Throughout the latter part of the controversy there is little doubt that the Conservatives would have been in a far stronger position had they acted as a united party with a definite policy and a strong leader ready at a moment’s notice to form an alternative Government. But they were deplorably led, they could agree on no policy, and their warmest supporters in the Press and in the country were the first to admit that the formation of an alternative Conservative Administration was unthinkable. Nevertheless, there could be no rival for the leadership. Mr. Balfour, aloof, indifferent, without enthusiasm, and without convictions, although discredited in the country and harassed in his attempts to save his party from Protection, remains in ability, Parliamentary knowledge, experience and skill, head and shoulders above his very mediocre band of colleagues in the House of Commons.
The Bill went up to the House of Lords, where Lord Morley, with the tact and skill of an experienced statesman and the unflinching firmness of a lifelong Liberal, conducted it through a very rough career. The Lords’ amendments were destructive of the principle, and therefore equivalent to rejection. But even a few days before those amendments were returned to the Commons the Conservatives refused to believe that the passage of the Bill in its original form was guaranteed. When at last it was brought home to them that, if necessary, the King would be advised to create a sufficient number of Peers to insure the passage of the Bill into law, a howl of indignation went up. Scenes of confusion and unmannerly exhibitions of temper took place in the House of Commons. A party of revolt was formed among the Peers, and the Prime Minister was branded as a traitor who was guilty of treason and whose advice to the King in the words of the vote of censure was “a gross violation of constitutional liberty.”

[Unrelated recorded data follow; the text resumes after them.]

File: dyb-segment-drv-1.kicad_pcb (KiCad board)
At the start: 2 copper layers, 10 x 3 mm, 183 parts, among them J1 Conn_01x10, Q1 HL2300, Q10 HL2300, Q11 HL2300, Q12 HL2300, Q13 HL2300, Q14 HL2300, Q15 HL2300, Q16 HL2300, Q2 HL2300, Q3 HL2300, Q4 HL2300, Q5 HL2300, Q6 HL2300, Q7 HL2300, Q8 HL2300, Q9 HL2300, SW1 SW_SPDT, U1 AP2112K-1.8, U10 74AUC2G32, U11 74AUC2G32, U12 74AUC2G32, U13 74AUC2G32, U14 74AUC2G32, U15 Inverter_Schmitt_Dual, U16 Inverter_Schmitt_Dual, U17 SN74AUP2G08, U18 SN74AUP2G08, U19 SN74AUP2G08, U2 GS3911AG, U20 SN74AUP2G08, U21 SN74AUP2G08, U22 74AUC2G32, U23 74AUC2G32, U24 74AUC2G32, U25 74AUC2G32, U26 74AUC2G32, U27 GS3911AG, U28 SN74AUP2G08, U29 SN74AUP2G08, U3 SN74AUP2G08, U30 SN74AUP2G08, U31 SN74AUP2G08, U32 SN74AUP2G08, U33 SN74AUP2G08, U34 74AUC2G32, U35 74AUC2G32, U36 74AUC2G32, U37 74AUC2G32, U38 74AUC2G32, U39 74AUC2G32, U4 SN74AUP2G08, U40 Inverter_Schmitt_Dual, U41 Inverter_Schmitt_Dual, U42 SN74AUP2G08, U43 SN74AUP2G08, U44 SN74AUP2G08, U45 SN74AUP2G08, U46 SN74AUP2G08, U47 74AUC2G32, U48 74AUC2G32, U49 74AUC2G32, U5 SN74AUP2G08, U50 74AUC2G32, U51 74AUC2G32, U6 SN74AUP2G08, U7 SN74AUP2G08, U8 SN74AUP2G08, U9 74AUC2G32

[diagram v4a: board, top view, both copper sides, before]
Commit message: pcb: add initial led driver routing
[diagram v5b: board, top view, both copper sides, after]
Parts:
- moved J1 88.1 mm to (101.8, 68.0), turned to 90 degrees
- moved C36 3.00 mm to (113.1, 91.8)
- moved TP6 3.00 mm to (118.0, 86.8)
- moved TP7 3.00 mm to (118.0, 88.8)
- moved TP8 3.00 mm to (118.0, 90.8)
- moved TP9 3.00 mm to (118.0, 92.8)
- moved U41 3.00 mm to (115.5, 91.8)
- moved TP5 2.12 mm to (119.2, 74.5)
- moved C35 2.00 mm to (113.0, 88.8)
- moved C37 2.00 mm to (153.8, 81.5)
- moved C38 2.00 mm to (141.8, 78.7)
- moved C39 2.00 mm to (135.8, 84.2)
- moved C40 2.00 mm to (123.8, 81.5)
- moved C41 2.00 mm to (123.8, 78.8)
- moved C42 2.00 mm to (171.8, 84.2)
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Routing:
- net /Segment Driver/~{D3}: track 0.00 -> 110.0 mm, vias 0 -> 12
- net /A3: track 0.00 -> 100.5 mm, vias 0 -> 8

As a matter of fact, Mr. Asquith was adhering very strictly to the letter and spirit of the Constitution. Lord Grey, who was confronted with a similar problem in 1832, very truly said: “If a majority of this House (House of Lords) is to have the power whenever they please of opposing the declared and decided wishes both of the Crown and the people without any means of modifying that power, then this country is placed entirely under the influence of an uncontrollable oligarchy. I say that if a majority of this House should have the power of acting adversely to the Crown and the Commons, and was determined to exercise that power without being liable to check or control, the Constitution is completely altered, and the Government of the country is not a limited monarchy; it is no longer, my Lords, the Crown, the Lords and Commons, but a House of Lords—a separate oligarchy—governing absolutely the others.”